DE3825155A1 - Vortex tube with ultrasonic inflow - Google Patents

Abstract

A Laval (supersonic, convergent-divergent) nozzle is used in a vortex tube for the inflow of a gas into the rolling vessel (container). This results in a high inlet velocity of the gas in the rolling vessel, and the effect of this is a striking improvement in efficiency and thus, e.g. in the cooling effect or the separation of gases or isotopes.

Description

The invention proceeds from that described by G. Ranque Effect from (J. Physique Radium (7) 4.1125).

Compressed air flows through a tangential nozzle into a roller container, which consists of a tube that is open on both sides. It is found that the air breaks down under the action of the centrifugal force into a warm portion of the tube shell and a cold portion in the tube axis. Rudolf Hilsch improved this arrangement in 1946 (Zeitschrift für Naturforschung I, pp. 208-214 [1946]) in order to achieve a cooling process with the greatest possible efficiency. He came up with an arrangement according to FIG. 1. The air jet entering through the nozzle is set into a helical three-way flow. Due to the centrifugal force and the internal friction of this rotary flow, the gas in the region of the tube axis is greatly expanded and cools down in the process (see FIG. 3). The kinetic energies of the cold and hot gas adjust due to internal friction. Fig. 2 shows the vortex tube in longitudinal section. A throttle on the left-hand side forces the colder gas component close to the axis to escape through a panel to the right.

The vortex tube thus separates a homogeneous gas jet in a portion with low and high temperature.

It is also possible to use gas mixtures because of the below separate the different densities of their components,  as well as ejecting solid particles from the gas (e.g. Exhaust emissions). In combustion processes can use vortex tubes to increase efficiency be used.

In the present invention, the gas is introduced into the rolling container at supersonic speed by means of a Laval nozzle (see FIG. 3).

This gives you two effects, both of which are ver Improve the efficiency of the vortex tube:

First, with the same overpressure, one becomes essential reached higher entry speed. This requires greater kinetic energy and therefore stronger Cooling down or higher centrifugal force.

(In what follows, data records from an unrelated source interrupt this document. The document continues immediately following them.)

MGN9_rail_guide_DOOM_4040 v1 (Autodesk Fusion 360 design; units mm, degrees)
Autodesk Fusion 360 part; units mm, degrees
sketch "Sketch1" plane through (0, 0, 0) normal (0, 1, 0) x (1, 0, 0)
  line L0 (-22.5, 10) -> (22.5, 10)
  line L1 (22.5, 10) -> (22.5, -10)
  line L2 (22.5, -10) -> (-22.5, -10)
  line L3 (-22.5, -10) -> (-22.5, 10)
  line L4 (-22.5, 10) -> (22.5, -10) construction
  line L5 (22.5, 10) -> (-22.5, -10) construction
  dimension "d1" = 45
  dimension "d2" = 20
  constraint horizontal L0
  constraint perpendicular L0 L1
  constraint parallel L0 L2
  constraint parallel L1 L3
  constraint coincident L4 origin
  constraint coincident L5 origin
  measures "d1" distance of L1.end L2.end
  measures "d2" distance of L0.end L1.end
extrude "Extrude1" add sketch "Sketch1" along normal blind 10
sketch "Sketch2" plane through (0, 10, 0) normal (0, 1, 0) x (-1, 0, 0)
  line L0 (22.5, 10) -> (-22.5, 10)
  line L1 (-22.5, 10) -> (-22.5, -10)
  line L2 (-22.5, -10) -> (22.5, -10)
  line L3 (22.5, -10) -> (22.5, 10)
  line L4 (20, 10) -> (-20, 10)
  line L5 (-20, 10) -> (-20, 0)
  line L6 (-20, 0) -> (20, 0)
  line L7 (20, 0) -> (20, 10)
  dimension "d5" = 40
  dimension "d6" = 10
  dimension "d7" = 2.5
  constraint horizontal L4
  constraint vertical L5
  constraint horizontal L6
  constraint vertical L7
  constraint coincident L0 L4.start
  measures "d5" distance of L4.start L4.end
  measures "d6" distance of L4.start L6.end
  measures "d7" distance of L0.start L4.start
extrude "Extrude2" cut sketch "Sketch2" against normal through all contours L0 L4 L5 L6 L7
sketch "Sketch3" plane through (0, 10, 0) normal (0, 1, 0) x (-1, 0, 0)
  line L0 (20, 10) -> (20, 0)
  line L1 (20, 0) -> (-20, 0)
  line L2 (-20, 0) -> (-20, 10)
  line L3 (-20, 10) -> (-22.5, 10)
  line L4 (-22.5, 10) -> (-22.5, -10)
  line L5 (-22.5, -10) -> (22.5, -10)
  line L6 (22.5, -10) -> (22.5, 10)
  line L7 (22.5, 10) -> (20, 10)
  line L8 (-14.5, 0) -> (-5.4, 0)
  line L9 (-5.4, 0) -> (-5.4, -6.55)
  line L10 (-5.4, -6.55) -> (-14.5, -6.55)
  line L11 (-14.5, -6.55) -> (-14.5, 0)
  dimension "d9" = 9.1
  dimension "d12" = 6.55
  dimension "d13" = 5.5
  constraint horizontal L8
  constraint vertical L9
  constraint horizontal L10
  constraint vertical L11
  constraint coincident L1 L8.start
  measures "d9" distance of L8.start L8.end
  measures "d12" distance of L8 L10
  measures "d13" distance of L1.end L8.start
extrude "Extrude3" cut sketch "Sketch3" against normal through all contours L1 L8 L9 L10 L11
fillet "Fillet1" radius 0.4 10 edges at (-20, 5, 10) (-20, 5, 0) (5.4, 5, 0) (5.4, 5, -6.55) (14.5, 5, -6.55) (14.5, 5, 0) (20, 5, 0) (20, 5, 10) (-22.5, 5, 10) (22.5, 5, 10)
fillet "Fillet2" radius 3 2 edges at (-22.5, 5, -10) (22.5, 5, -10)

Second, increase those that occur in the rolling container Shocks the internal friction, and the kinetic energy is increased by the delivered off-axis layers.

By this invention the effect of the vortex tube both as a cold process and in the separation of Gas and isotope mixtures significantly improved.

An exemplary embodiment for cooling with the aid of a vortex tube will be explained with reference to FIG. 4. In modern commercial aircraft, the passenger cabin is pressurized. To do this, compressed air is drawn from the engines in the area of the compressor. This compressor bleed air has temperatures of around 250 ° C and must therefore first be cooled. This cooling is to be carried out with a vortex tube according to the arrangement in FIG. 4. The hot bleed air is first passed through the heat exchanger ( 1 ), where it is pre-cooled by cooling air from the surroundings. In the vortex tube ( 2 ) it is now separated into a hot and a cold portion. In the mixing valve ( 5 ), the hot and cold air flow is then mixed again according to the needs of the air conditioning.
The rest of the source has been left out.